◆ **The records**:
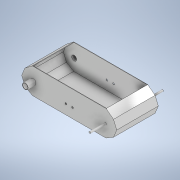
# Autodesk Inventor part: rama
Saved by Autodesk Inventor 2021 (Build 250183000, 183)
## iProperties
Created: 2021-06-23
Part Number: rama
Material: Generic
Document SubType Name: Modeling
Designer: Łukasz
Density: 1 g/cm^3
Appearance: Machined - Aluminum
Author: Łukasz
Autodesk Inventor part; units mm, degrees
ref_plane "YZ Plane" through (0, 0, 0) normal (1, 0, 0) x (0, 1, 0)
ref_plane "XZ Plane" through (0, 0, 0) normal (0, 1, 0) x (-1, 0, 0)
ref_plane "XY Plane" through (0, 0, 0) normal (0, 0, 1) x (1, 0, 0)
sketch "Sketch1" plane through (0, 0, 0) normal (0, 0, 1) x (1, 0, 0)
  circle A0 centre (0, 0) radius 11
  circle A1 centre (0, 0) radius 13
  dimension "d0" = 22
  dimension "d1" = 26
  constraints: 2 centre point, 2 coincident
  measures "d0" diameter of A0
  measures "d1" diameter of A1
extrude "Extrusion1" add sketch "Sketch1" along normal blind 35
sketch "Sketch3" plane through (0, 0, 35) normal (0, 0, 1) x (1, 0, 0)
  arc A0 (-11.1364, -38.4185) -> (-20.0192, 34.6299) centre (0, 0) ccw construction
  line L0 (0, 0) -> (0, -45) construction
  line L1 (0, 0) -> (-28.2843, -28.2843) construction
  line L2 (0, 0) -> (40, 0) construction
  line L3 (-40, 0) -> (-28.2843, -28.2843)
  line L4 (-28.2843, -28.2843) -> (0, -45)
  line L5 (-40, 0) -> (10, 0) construction
  line L6 (0, -45) -> (162.5, -45)
  line L7 (0, 50) -> (162.5, 50)
  line L8 (162.5, 0) -> (162.5, -45) construction
  line L9 (0, 0) -> (0, 50) construction
  line L10 (0, 0) -> (-28.2843, 28.2843) construction
  line L11 (0, 0) -> (40, 0) construction
  line L12 (-40, 0) -> (-28.2843, 28.2843)
  line L13 (-28.2843, 28.2843) -> (0, 50)
  line L14 (325, 0) -> (325, -45) construction
  line L15 (325, 0) -> (285, 0) construction
  line L16 (325, 0) -> (325, 50) construction
  line L17 (325, 0) -> (285, 0) construction
  circle A1 centre (325, 0) radius 14
  arc A2 (345.0192, 34.6299) -> (336.1364, -38.4185) centre (325, 0) ccw construction
  line L18 (353.2843, 28.2843) -> (325, 50)
  line L19 (353.2843, -28.2843) -> (325, -45)
  line L20 (325, 0) -> (353.2843, 28.2843) construction
  line L21 (325, 0) -> (353.2843, -28.2843) construction
  line L22 (365, 0) -> (353.2843, 28.2843)
  line L23 (365, 0) -> (353.2843, -28.2843)
  line L24 (365, 0) -> (315, 0) construction
  line L25 (325, -45) -> (162.5, -45)
  line L26 (325, 50) -> (162.5, 50)
  circle A3 centre (0, 0) radius 11 projected
  line L27 (162.5, 60) -> (-3.3961, 60)
  line L28 (-3.3961, 60) -> (-36.4982, 34.5853)
  line L29 (-36.4982, 34.5853) -> (-50.8239, 0)
  line L30 (-50.8239, 0) -> (-36.2457, -35.195)
  line L31 (-36.2457, -35.195) -> (-2.7341, -55)
  line L32 (-2.7341, -55) -> (162.5, -55)
  line L33 (162.5, -55) -> (327.7341, -55)
  line L34 (327.7341, -55) -> (361.2457, -35.195)
  line L35 (361.2457, -35.195) -> (375.8239, 0)
  line L36 (375.8239, 0) -> (361.4982, 34.5853)
  line L37 (361.4982, 34.5853) -> (328.3961, 60)
  line L38 (328.3961, 60) -> (162.5, 60)
  dimension "d14" = 80
  dimension "d15" = 45
  dimension "d16" = 135
  dimension "d17" = 162.5
  dimension "d18" = 135
  dimension "d19" = 50
  dimension "d42" = 10
  constraints: 78 end point, 12 symmetric about line, 5 horizontal, 5 point on line, 4 point on circle, 3 centre point, 2 coincident, 2 equal length, 2 perpendicular, 1 vertical, 12 other
  measures "d14" diameter of A0
  measures "d15" distance of L0.start L6.start
  measures "d16" angle of L1 L2
  measures "d17" distance of L6.start L6.end
  measures "d18" angle of L11 L10
  measures "d19" distance from line of point (0, 0) L7
  measures "d42" distance between parallel lines of L7 L27
extrude "Extrusion3" add sketch "Sketch3" along normal blind 2 contours L12 L13 L7 L26 L18 L22 L23 L19 L25 L6 L4 L3 | A1 | L38 L37 L36 L35 L34 L33 L32 L31 L30 L29 L28 L27
sketch "Sketch5" plane through (0, 0, 35) normal (0, 0, -1) x (-1, 0, 0)
  circle A0 centre (-325, 0) radius 4
  point P0 (0, 0)
  dimension "d22" = 8
  constraints: 2 coincident, 1 centre point
  measures "d22" diameter of A0
extrude "Extrusion4" add sketch "Sketch5" along normal blind 70
sketch "Sketch6" plane through (0, 0, 37) normal (0, 0, 1) x (1, 0, 0)
  line L0 (-28.2843, -28.2843) -> (0, -45) construction
  line L1 (0, -45) -> (325, -45) construction
  line L2 (325, -45) -> (353.2843, -28.2843) construction
  line L3 (353.2843, -28.2843) -> (365, 0) construction
  line L4 (365, 0) -> (353.2843, 28.2843) construction
  line L5 (353.2843, 28.2843) -> (325, 50) construction
  line L6 (325, 50) -> (0, 50) construction
  line L7 (0, 50) -> (-28.2843, 28.2843) construction
  line L8 (-28.2843, 28.2843) -> (-40, 0) construction
  line L9 (-40, 0) -> (-28.2843, -28.2843) construction
  circle A0 centre (0, 0) radius 11 projected
  line L10 (-3.3961, 60) -> (-36.4982, 34.5853) projected
  line L11 (-36.4982, 34.5853) -> (-50.8239, 0) projected
  line L12 (-50.8239, 0) -> (-36.2457, -35.195) projected
  line L13 (-36.2457, -35.195) -> (-2.7341, -55) projected
  line L14 (-2.7341, -55) -> (327.7341, -55) projected
  line L15 (327.7341, -55) -> (361.2457, -35.195) projected
  line L16 (361.2457, -35.195) -> (375.8239, 0) projected
  line L17 (375.8239, 0) -> (361.4982, 34.5853) projected
  line L18 (361.4982, 34.5853) -> (328.3961, 60) projected
  line L19 (328.3961, 60) -> (-3.3961, 60) projected
  line L20 (-2.7169, 58) -> (-34.8554, 33.3251)
  line L21 (-34.8554, 33.3251) -> (-48.6591, 0)
  line L22 (-48.6591, 0) -> (-34.6534, -33.8128)
  line L23 (-34.6534, -33.8128) -> (-2.1873, -53)
  line L24 (-2.1873, -53) -> (327.1873, -53)
  line L25 (327.1873, -53) -> (359.6534, -33.8128)
  line L26 (359.6534, -33.8128) -> (373.6591, 0)
  line L27 (373.6591, 0) -> (359.8554, 33.3251)
  line L28 (359.8554, 33.3251) -> (327.7169, 58)
  line L29 (-3.3961, 60) -> (-36.4982, 34.5853) projected
  line L30 (-3.3961, 60) -> (-3.3961, 57.4785)
  line L31 (328.3961, 60) -> (328.3961, 57.4785)
  line L32 (327.7169, 58) -> (314.5802, 58)
  line L33 (10.4198, 58) -> (-2.7169, 58)
  constraints: 26 end point, 4 point on line, 1 parallel, 1 perpendicular, 8 other
extrude "Extrusion5" add sketch "Sketch6" along normal blind 182.8 contours L30 L20 L21 L22 L23 L24 L25 L26 L27 L28 L31 L18 L17 L16 L15 L14 L13 L12 L11 L10
sketch "Sketch7" plane through (0, 0, 219.8) normal (0, 0, 1) x (1, 0, 0)
  line L0 (0, 50) -> (0, 47.4785) projected
  line L1 (0, 47.4785) -> (-26.6415, 27.0241) projected
  line L2 (-26.6415, 27.0241) -> (-37.8352, 0) projected
  line L3 (-37.8352, 0) -> (-26.692, -26.9021) projected
  line L4 (-26.692, -26.9021) -> (0.5468, -43) projected
  line L5 (0.5468, -43) -> (324.4532, -43) projected
  line L6 (324.4532, -43) -> (351.692, -26.9021) projected
  line L7 (351.692, -26.9021) -> (362.8352, 0) projected
  line L8 (362.8352, 0) -> (351.6415, 27.0241) projected
  line L9 (351.6415, 27.0241) -> (324.3208, 48) projected
  line L10 (324.3208, 48) -> (324.3208, 50) projected
  line L11 (325, 50) -> (324.3208, 50) projected
  line L12 (324.3208, 50) -> (324.3208, 48) projected
  line L13 (324.3208, 48) -> (351.6415, 27.0241) projected
  line L14 (351.6415, 27.0241) -> (362.8352, 0) projected
  line L15 (362.8352, 0) -> (351.692, -26.9021) projected
  line L16 (351.692, -26.9021) -> (324.4532, -43) projected
  line L17 (324.4532, -43) -> (0.5468, -43) projected
  line L18 (0.5468, -43) -> (-26.692, -26.9021) projected
  line L19 (-26.692, -26.9021) -> (-37.8352, 0) projected
  line L20 (-37.8352, 0) -> (-26.6415, 27.0241) projected
  line L21 (-26.6415, 27.0241) -> (0, 47.4785) projected
  line L22 (0, 47.4785) -> (0, 50) projected
  line L23 (0, 50) -> (-28.2843, 28.2843) projected
  line L24 (-28.2843, 28.2843) -> (-40, 0) projected
  line L25 (-40, 0) -> (-28.2843, -28.2843) projected
  line L26 (-28.2843, -28.2843) -> (0, -45) projected
  line L27 (0, -45) -> (325, -45) projected
  line L28 (325, -45) -> (353.2843, -28.2843) projected
  line L29 (353.2843, -28.2843) -> (365, 0) projected
  line L30 (365, 0) -> (353.2843, 28.2843) projected
  line L31 (353.2843, 28.2843) -> (325, 50) projected
  line L32 (325, 50) -> (353.2843, 28.2843) projected
  line L33 (353.2843, 28.2843) -> (365, 0) projected
  line L34 (365, 0) -> (353.2843, -28.2843) projected
  line L35 (353.2843, -28.2843) -> (325, -45) projected
  line L36 (325, -45) -> (0, -45) projected
  line L37 (0, -45) -> (-28.2843, -28.2843) projected
  line L38 (-28.2843, -28.2843) -> (-40, 0) projected
  line L39 (-40, 0) -> (-28.2843, 28.2843) projected
  line L40 (-28.2843, 28.2843) -> (0, 50) projected
  line L41 (324.3208, 50) -> (325, 50) projected
  circle A0 centre (0, 0) radius 11 projected
  line L42 (328.3961, 60) -> (328.3961, 57.4785) projected
  line L43 (328.3961, 57.4785) -> (359.8554, 33.3251) projected
  line L44 (359.8554, 33.3251) -> (373.6591, 0) projected
  line L45 (373.6591, 0) -> (359.6534, -33.8128) projected
  line L46 (359.6534, -33.8128) -> (327.1873, -53) projected
  line L47 (327.1873, -53) -> (-2.1873, -53) projected
  line L48 (-2.1873, -53) -> (-34.6534, -33.8128) projected
  line L49 (-34.6534, -33.8128) -> (-48.6591, 0) projected
  line L50 (-48.6591, 0) -> (-34.8554, 33.3251) projected
  line L51 (-34.8554, 33.3251) -> (-3.3961, 57.4785) projected
  line L52 (-3.3961, 57.4785) -> (-3.3961, 60) projected
  line L53 (-3.3961, 60) -> (-36.4982, 34.5853) projected
  line L54 (-36.4982, 34.5853) -> (-50.8239, 0) projected
  line L55 (-50.8239, 0) -> (-36.2457, -35.195) projected
  line L56 (-36.2457, -35.195) -> (-2.7341, -55) projected
  line L57 (-2.7341, -55) -> (327.7341, -55) projected
  line L58 (327.7341, -55) -> (361.2457, -35.195) projected
  line L59 (361.2457, -35.195) -> (375.8239, 0) projected
  line L60 (375.8239, 0) -> (361.4982, 34.5853) projected
  line L61 (361.4982, 34.5853) -> (328.3961, 60) projected
  line L62 (-3.3961, 60) -> (-3.3961, 57.4785) projected
  line L63 (-3.3961, 57.4785) -> (-34.8554, 33.3251) projected
  line L64 (-34.8554, 33.3251) -> (-48.6591, 0) projected
  line L65 (-48.6591, 0) -> (-34.6534, -33.8128) projected
  line L66 (-34.6534, -33.8128) -> (-2.1873, -53) projected
  line L67 (-2.1873, -53) -> (327.1873, -53) projected
  line L68 (327.1873, -53) -> (359.6534, -33.8128) projected
  line L69 (359.6534, -33.8128) -> (373.6591, 0) projected
  line L70 (373.6591, 0) -> (359.8554, 33.3251) projected
  line L71 (359.8554, 33.3251) -> (328.3961, 57.4785) projected
  line L72 (328.3961, 57.4785) -> (328.3961, 60) projected
  line L73 (328.3961, 60) -> (-3.3961, 60) projected
  circle A1 centre (0, 0) radius 11 projected
extrude "Extrusion6" add sketch "Sketch7" along normal blind 2 contours L0 L1 L2 L3 L4 L5 L6 L7 L8 L9 L10 L11 L31 L30 L29 L28 L27 L26 L25 L24 L23 | L61 L60 L59 L58 L57 L56 L55 L54 L53 L52 L51 L50 L49 L48 L47 L46 L45 L44 L43 L42 | L42 L43 L44 L45 L46 L47 L48 L49 L50 L51 L52 L73
sketch "Sketch8" plane through (0, 0, 221.8) normal (0, 0, 1) x (1, 0, 0)
  circle A0 centre (0, 0) radius 13 projected
  line L0 (0, 50) -> (-28.2843, 28.2843) projected
  line L1 (-28.2843, 28.2843) -> (-40, 0) projected
  line L2 (-40, 0) -> (-28.2843, -28.2843) projected
  line L3 (-28.2843, -28.2843) -> (0, -45) projected
  line L4 (0, -45) -> (325, -45) projected
  line L5 (325, -45) -> (353.2843, -28.2843) projected
  line L6 (353.2843, -28.2843) -> (365, 0) projected
  line L7 (365, 0) -> (353.2843, 28.2843) projected
  line L8 (353.2843, 28.2843) -> (325, 50) projected
  circle A1 centre (0, 0) radius 11 projected
  line L9 (324.3208, 50) -> (324.3208, 48) projected
  line L10 (324.3208, 48) -> (351.6415, 27.0241) projected
  line L11 (351.6415, 27.0241) -> (362.8352, 0) projected
  line L12 (362.8352, 0) -> (351.692, -26.9021) projected
  line L13 (351.692, -26.9021) -> (324.4532, -43) projected
  line L14 (324.4532, -43) -> (0.5468, -43) projected
  line L15 (0.5468, -43) -> (-26.692, -26.9021) projected
  line L16 (-26.692, -26.9021) -> (-37.8352, 0) projected
  line L17 (-37.8352, 0) -> (-26.6415, 27.0241) projected
  line L18 (-26.6415, 27.0241) -> (0, 47.4785) projected
  line L19 (0, 47.4785) -> (0, 50) projected
  line L20 (325, 50) -> (324.3208, 50) projected
extrude "Extrusion7" add sketch "Sketch8" along normal blind 35 contours A0
sketch "Sketch9" plane through (0, 0, 221.8) normal (0, 0, 1) x (1, 0, 0)
  circle A0 centre (325, 0) radius 4 projected
  point P0 (0, 0)
extrude "Extrusion8" add sketch "Sketch9" along normal blind 70
sketch "Sketch13" plane through (0, 0, 37) normal (0, 0, 1) x (1, 0, 0)
  circle A0 centre (147.5, -11.5574) radius 4 projected
  circle A1 centre (177.5, -11.5574) radius 4 projected
  point P0 (0, 0)
extrude "Extrusion12" cut sketch "Sketch13" against normal up to surface (2 mm away)
sketch "Sketch15" plane through (0, 0, 219.8) normal (0, 0, -1) x (-1, 0, 0)
  line L0 (0, 50) -> (28.2843, 28.2843) projected
  line L1 (28.2843, 28.2843) -> (40, 0) projected
  line L2 (40, 0) -> (28.2843, -28.2843) projected
  line L3 (28.2843, -28.2843) -> (0, -45) projected
  line L4 (0, -45) -> (-325, -45) projected
  line L5 (-325, -45) -> (-353.2843, -28.2843) projected
  line L6 (-353.2843, -28.2843) -> (-365, 0) projected
  line L7 (-365, 0) -> (-353.2843, 28.2843) projected
  line L8 (-353.2843, 28.2843) -> (-325, 50) projected
  line L9 (-324.3208, 50) -> (-324.3208, 48) projected
  line L10 (-324.3208, 48) -> (-351.6415, 27.0241) projected
  line L11 (-351.6415, 27.0241) -> (-362.8352, 0) projected
  line L12 (-362.8352, 0) -> (-351.692, -26.9021) projected
  line L13 (-351.692, -26.9021) -> (-324.4532, -43) projected
  line L14 (-324.4532, -43) -> (-0.5468, -43) projected
  line L15 (-0.5468, -43) -> (26.692, -26.9021) projected
  line L16 (26.692, -26.9021) -> (37.8352, 0) projected
  line L17 (37.8352, 0) -> (26.6415, 27.0241) projected
  line L18 (26.6415, 27.0241) -> (0, 47.4785) projected
  line L19 (0, 47.4785) -> (0, 50) projected
  line L20 (-325, 50) -> (-324.3208, 50) projected
  point P0 (0, 0)
sketch "Sketch16" plane through (0, 0, 219.8) normal (0, 0, -1) x (-1, 0, 0)
  circle A0 centre (-177.5, -11.5574) radius 4 projected
  circle A1 centre (-147.5, -11.5574) radius 4 projected
  point P0 (0, 0)
extrude "Extrusion13" cut sketch "Sketch16" against normal up to surface (2 mm away)
body "Solid1"

◆ **Problem to solve**: Take from the material above the lines running from the one with "line L28 (359.8554, 33.3251)" through the one with "line L33 (10.4198, 58) -> (-2.7169, 58)", and repeat them exactly, with nothing else.

◆ **Task solution**:
  line L28 (359.8554, 33.3251) -> (327.7169, 58)
  line L29 (-3.3961, 60) -> (-36.4982, 34.5853) projected
  line L30 (-3.3961, 60) -> (-3.3961, 57.4785)
  line L31 (328.3961, 60) -> (328.3961, 57.4785)
  line L32 (327.7169, 58) -> (314.5802, 58)
  line L33 (10.4198, 58) -> (-2.7169, 58)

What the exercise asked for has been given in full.